PARIS
Dis-moi ce que tu acquiers, je te dirai qui tu es. L’adage pourrait être le fil rouge du parcours que le Musée du quai Branly consacre à l’enrichissement de sa collection depuis sa création, fruit de la rencontre du président Jacques Chirac avec le galeriste et collectionneur Jacques Kerchache.

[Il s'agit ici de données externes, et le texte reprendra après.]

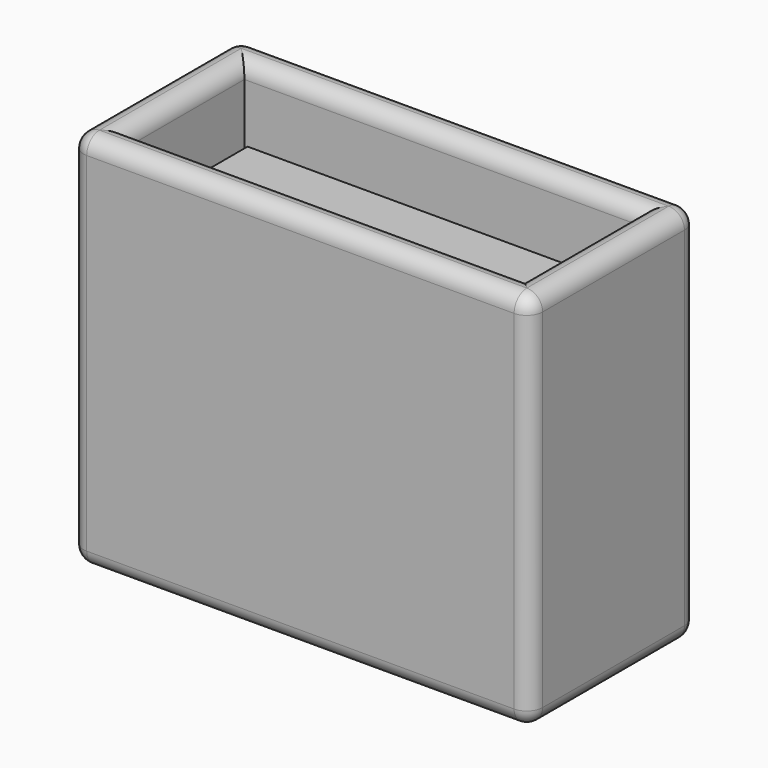
from build123d import *

# Parameters (mm, degrees)
F0_W     = 14.5
F0_H     = 6.6
F0_W_2   = 12.5
F0_H_2   = 4.6
F1_DEPTH = 12
F0_W_3   = 11.5
F0_H_3   = 1.7
F2_DEPTH = 2
F3_DEPTH = 10
F4_R     = 0.49999
F6_DEPTH = 0.4


# Not quite as in the source:
# - a fillet or chamfer is up to 0.001 mm smaller than in the source, because OpenCascade refuses the exact size


with BuildPart() as f1:
    # F0 (on Top) → F1 (new body)
    with BuildSketch(Plane.XY):
        with Locations((0.6113282288, 0)):
            Rectangle(F0_W, F0_H)
        with Locations((0.6113282288, 0)):
            Rectangle(F0_W_2, F0_H_2, mode=Mode.SUBTRACT)
    extrude(amount=F1_DEPTH)

    # F0 (on Top) → F2 (join)
    with BuildSketch(Plane.XY):
        with Locations((0.6113282288, 0)):
            Rectangle(F0_W_2, F0_H_2)
        with Locations((0.6113282288, 0.95)):
            Rectangle(F0_W_3, F0_H_3, mode=Mode.SUBTRACT)
        with Locations((0.6113282288, 0.95)):
            Rectangle(F0_W_3, F0_H_3)
    extrude(amount=F2_DEPTH)

    # F0 (on Top) → F3 (join)
    with BuildSketch(Plane.XY):
        with Locations((0.6113282288, 0.95)):
            Rectangle(F0_W_3, F0_H_3)
    extrude(amount=F3_DEPTH)

    # F4 (radius 0.5 in the source; OpenCascade refuses exactly that, so slightly less here)
    f4_edges = [f1.edges().sort_by_distance(p)[0] for p in [
        (-6.638672, 0, 12),
        (0.611328, -3.3, 12),
        (7.861328, 0, 12),
        (0.611328, 3.3, 12),
        (-5.638672, 0, 12),
        (0.611328, 2.3, 12),
        (6.861328, 0, 12),
        (0.611328, -2.3, 12),
        (7.861328, 3.3, 6),
        (7.861328, -3.3, 6),
        (7.861328, 0, 0),
        (0.611328, 3.3, 0),
        (-6.638672, 3.3, 6),
        (-6.638672, -3.3, 6),
        (0.611328, -3.3, 0),
        (-6.638672, 0, 0),
    ]]
    fillet(f4_edges, radius=F4_R)

    # F5 (on face) → F6 (cut)
    with BuildSketch(Plane(origin=(0, 3.3, 0), x_dir=(-1, 0, 0), z_dir=(0, 1, 0))):
        with BuildLine():
            Line((-4.1945352975, 7.1148852238), (-4.1945352975, 7.3648852238))
            ThreePointArc((-4.1945352975, 7.3648852238), (-6.193634283, 5.4249122664), (-4.3145352975, 3.3684884696))
            Line((-4.3145352975, 3.3684884696), (-4.3145352975, 3.6190043573))
            ThreePointArc((-4.3145352975, 3.6190043573), (-5.9435052109, 5.4249205618), (-4.1945352975, 7.1148852238))
        make_face()
        with BuildLine():
            Line((-4.3145352975, 3.6190043573), (-4.3145352975, 3.3684884696))
            ThreePointArc((-4.3145352975, 3.3684884696), (-4.1895255031, 3.3648914983), (-4.0645352975, 3.3691146959))
            Line((-4.0645352975, 3.3691146959), (-4.0645352975, 3.6197204751))
            ThreePointArc((-4.0645352975, 3.6197204751), (-4.1895224932, 3.6148924033), (-4.3145352975, 3.6190043573))
        make_face()
        with BuildLine():
            ThreePointArc((-4.0645352975, 3.3691146959), (-4.1895255031, 3.3648914983), (-4.3145352975, 3.3684884696))
            Line((-4.3145352975, 3.3684884696), (-4.3145352975, 1.8648852238))
            Line((-4.3145352975, 1.8648852238), (-4.0645352975, 1.8648852238))
            Line((-4.0645352975, 1.8648852238), (-4.0645352975, 3.3691146959))
        make_face()
        with BuildLine():
            Line((-4.0645352975, 3.6197204751), (-4.0645352975, 3.3691146959))
            ThreePointArc((-4.0645352975, 3.3691146959), (-2.7350833455, 3.9974057907), (-2.1945352975, 5.3648852238))
            Line((-2.1945352975, 5.3648852238), (-2.4445352975, 5.3648852238))
            ThreePointArc((-2.4445352975, 5.3648852238), (-2.4490283635, 5.2395634644), (-2.4624844899, 5.1148852238))
            ThreePointArc((-2.4624844899, 5.1148852238), (-3.000513644, 4.0855055729), (-4.0645352975, 3.6197204751))
        make_face()
        with BuildLine():
            Line((-4.3145352975, 5.3648852238), (-4.3145352975, 3.6190043573))
            ThreePointArc((-4.3145352975, 3.6190043573), (-4.1895224932, 3.6148924033), (-4.0645352975, 3.6197204751))
            Line((-4.0645352975, 3.6197204751), (-4.0645352975, 5.1148852238))
            Line((-4.0645352975, 5.1148852238), (-2.4624844899, 5.1148852238))
            ThreePointArc((-2.4624844899, 5.1148852238), (-2.4490283635, 5.2395634644), (-2.4445352975, 5.3648852238))
            Line((-2.4445352975, 5.3648852238), (-4.3145352975, 5.3648852238))
        make_face()
    extrude(amount=-F6_DEPTH, mode=Mode.SUBTRACT)


solid = f1.part
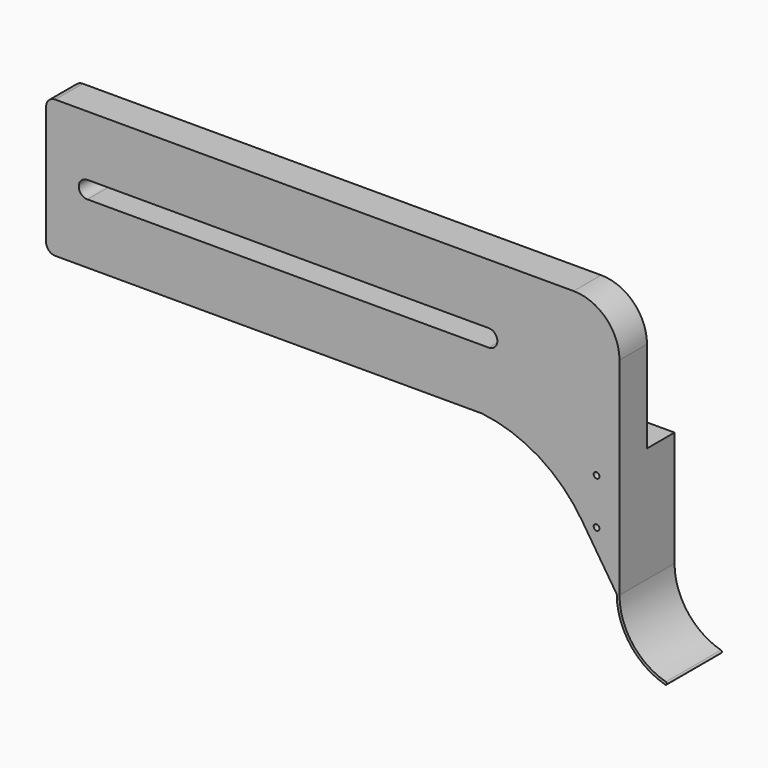
from build123d import *

# Parameters (mm, degrees)
F0_R           = 1.3992842893
F1_DEPTH       = 19.05
F2_R           = 5.08
F3_R           = 25.4
F4_R           = 1.3992842893
F5_DEPTH       = 19.05
F7_D           = 3.175
F7_CSINK_D     = 9.525
F7_CSINK_ANGLE = 90
F9_DEPTH       = 38.101
F11_DEPTH      = 19.05
F11_DEPTH_BACK = 19.05


with BuildPart() as f1:
    # F0 (on Front) → F1 (new body)
    with BuildSketch(Plane.XZ):
        with BuildLine():
            Line((150.8562757823, 76.2), (-166.6437242177, 76.2))
            Line((-166.6437242177, 76.2), (-166.6437242177, 0))
            Line((-166.6437242177, 0), (74.6562757823, 0))
            ThreePointArc((74.6562757823, 0), (106.2243540544, -10.8596763882), (130.1055285482, -34.187034615))
            Line((130.1055285482, -34.187034615), (150.8562757823, -66.1403832537))
            Line((150.8562757823, -66.1403832537), (150.8562757823, 76.2))
        make_face()
        with Locations((138.1562757823, -34.925)):
            Circle(F0_R, mode=Mode.SUBTRACT)
        with Locations((138.1562757823, -9.525)):
            Circle(F0_R, mode=Mode.SUBTRACT)
        with BuildLine():
            Line((78.4662757823, 33.3375), (-143.7837242177, 33.3375))
            ThreePointArc((-143.7837242177, 33.3375), (-148.5462242177, 38.1), (-143.7837242177, 42.8625))
            Line((-143.7837242177, 42.8625), (78.4662757823, 42.8625))
            ThreePointArc((78.4662757823, 42.8625), (83.2287757823, 38.1), (78.4662757823, 33.3375))
        make_face(mode=Mode.SUBTRACT)
        with Locations((138.1562757823, -34.925)):
            Circle(F0_R)
        with Locations((138.1562757823, -9.525)):
            Circle(F0_R)
    extrude(amount=F1_DEPTH)

    # F2
    f2_edges = [f1.edges().sort_by_distance(p)[0] for p in [
        (-166.643724, -9.525, 76.2),
        (-166.643724, -9.525, 0),
    ]]
    fillet(f2_edges, radius=F2_R)

    # F3
    f3_edges = [f1.edges().sort_by_distance(p)[0] for p in [
        (150.856276, -9.525, 76.2),
    ]]
    fillet(f3_edges, radius=F3_R)

    # F4 (on face) → F5 (join)
    with BuildSketch(Plane(origin=(0, 0, 0), x_dir=(-1, 0, 0), z_dir=(0, 1, 0))):
        with BuildLine():
            Line((-150.8562757823, 0), (-150.8562757823, -66.1403832537))
            Line((-150.8562757823, -66.1403832537), (-130.1055285482, -34.187034615))
            ThreePointArc((-130.1055285482, -34.187034615), (-106.2243540544, -10.8596763882), (-74.6562757823, 0))
            Line((-74.6562757823, 0), (-150.8562757823, 0))
        make_face()
        with Locations((-138.1562757823, -34.925)):
            Circle(F4_R, mode=Mode.SUBTRACT)
        with Locations((-138.1562757823, -9.525)):
            Circle(F4_R, mode=Mode.SUBTRACT)
        with Locations((-138.1562757823, -34.925)):
            Circle(F4_R)
        with Locations((-138.1562757823, -9.525)):
            Circle(F4_R)
    extrude(amount=F5_DEPTH)

    # F7 (through all)
    with Locations(Plane(origin=(0, 19.05, 0), x_dir=(-1, 0, 0), z_dir=(0, 1, 0))):
        with Locations((-138.1562757823, -34.925), (-138.1562757823, -9.525)):
            CounterSinkHole(F7_D / 2, F7_CSINK_D / 2, counter_sink_angle=F7_CSINK_ANGLE)

    # F8 (on face) → F9 (cut, through all)
    with BuildSketch(Plane.XZ.offset(19.05)):
        Polygon((150.8562757823, -66.1403832537), (150.8562757823, -2.6403832537), (149.3322757823, -2.6403832537), (149.3322757823, -63.7936290488), align=None)
    extrude(amount=-F9_DEPTH, mode=Mode.SUBTRACT)

    # F10 (on Front) → F11 (join, two sides)
    with BuildSketch(Plane.XZ) as f11_sk:
        with BuildLine():
            Line((150.8562757823, -63.7936290488), (150.8562757823, -2.6403832537))
            Line((150.8562757823, -2.6403832537), (149.3322757823, -2.6403832537))
            Line((149.3322757823, -2.6403832537), (149.3322757823, -63.7936290488))
            ThreePointArc((149.3322757823, -63.7936290488), (156.7895472638, -85.9779592892), (176.1329621077, -99.1532281041))
            ThreePointArc((176.1329621077, -99.1532281041), (177.0725432504, -98.6255205372), (176.5448356835, -97.6859393944))
            ThreePointArc((176.5448356835, -97.6859393944), (158.004098895, -85.0573940633), (150.8562757823, -63.7936290488))
        make_face()
    extrude(amount=F11_DEPTH)
    extrude(f11_sk.sketch, amount=-F11_DEPTH_BACK)


solid = f1.part
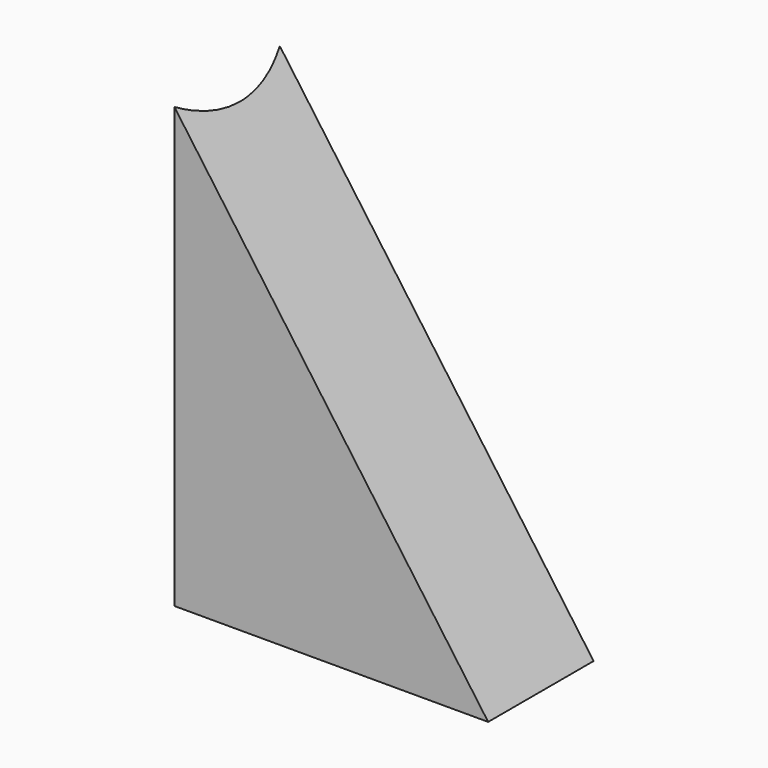
from build123d import *

# Parameters (mm, degrees)
F0_W     = 14.2837
F0_H     = 6
F1_DEPTH = 20
F2_SIZE2 = 14.28369
F2_SIZE  = 19.99999
F4_DEPTH = 25


# Not quite as in the source:
# - a fillet or chamfer is up to 0.001 mm smaller than in the source, because OpenCascade refuses the exact size


with BuildPart() as f1:
    # F0 (on Top) → F1 (new body)
    with BuildSketch(Plane.XY):
        Rectangle(F0_W, F0_H)
    extrude(amount=F1_DEPTH)

    # F2 (size 20 and 14.2837 in the source; OpenCascade refuses exactly that, so slightly less here)
    f2_edges = [f1.edges().sort_by_distance(p)[0] for p in [
        (7.14185, 0, 20),
    ]]
    f2_side = f1.faces().sort_by_distance((7.14185, 0, 10))[0]
    chamfer(f2_edges, length=F2_SIZE, length2=F2_SIZE2, reference=f2_side)

    # F3 (on Top) → F4 (cut)
    with BuildSketch(Plane.XY):
        with BuildLine():
            ThreePointArc((-7.14185, 3), (-22.5580484871, 0), (-7.14185, -3))
            Line((-7.14185, -3), (-7.14185, 3))
        make_face()
        with BuildLine():
            Line((-7.14185, 3), (-7.14185, -3))
            ThreePointArc((-7.14185, -3), (-6.7053550671, -1.5281380997), (-6.5580484871, 0))
            ThreePointArc((-6.5580484871, 0), (-6.7053550671, 1.5281380997), (-7.14185, 3))
        make_face()
    extrude(amount=F4_DEPTH, mode=Mode.SUBTRACT)


solid = f1.part

Le visiteur y pénètre avec des interrogations. Pourquoi acquérir de nouvelles pièces ? Comment les choisir ? Lesquelles refuser ? Au fil des salles, des réponses à ces questions passionnantes se structurent. Depuis 1998, plus de 77 000 items (60 % provenant de dons, 40 % d’achats en vente publique, en galerie ou de gré à gré) ont été acquis par ce musée héritier des collections du Musée national des arts d’Afrique et d’Océanie et du Musée de l’homme. Les coulisses de ces acquisitions, aussi bien que les enjeux éthiques et juridiques, se dévoilent tout au long du parcours. La question brûlante des restitutions est peu évoquée, pour laisser se déployer en filigrane un autre questionnement, celui du rôle du Musée du quai Branly dans l’évolution de notre regard, et la reconnaissance des arts lointains dans une histoire de l’art mondiale. L’exposition s’ouvre sur les objets collectionnés par ces artistes, marchands et amateurs au début du XXe siècle, Apollinaire, Paul Guillaume ou Matisse, qui les premiers les ont reconnus comme des œuvres d’art, pour s’achever sur les chefs-d’œuvre entrés dans les collections depuis 1998. En chemin, on s’émerveille des dessins et des photographies qui témoignent de la rencontre avec peuples et paysages lointains, des séries d’objets, mais aussi des textiles, bijoux et parures. Surtout, on découvre la volonté du musée de documenter ses collections par l’acquisition de bibliothèques de chercheurs, comme celle de Lévi-Strauss, et de montrer avec un regard neuf une production coloniale longtemps restée dans les enfers. Un regard qui se nourrit des œuvres contemporaines, notamment la photographie, auxquelles le Quai Branly a voulu donner une place croissante. S’il a renoncé à prétendre à l’universalité, ce lieu, qui n’est ni un musée ethnographique ni un musée des beaux-arts, a su construire une identité nouvelle.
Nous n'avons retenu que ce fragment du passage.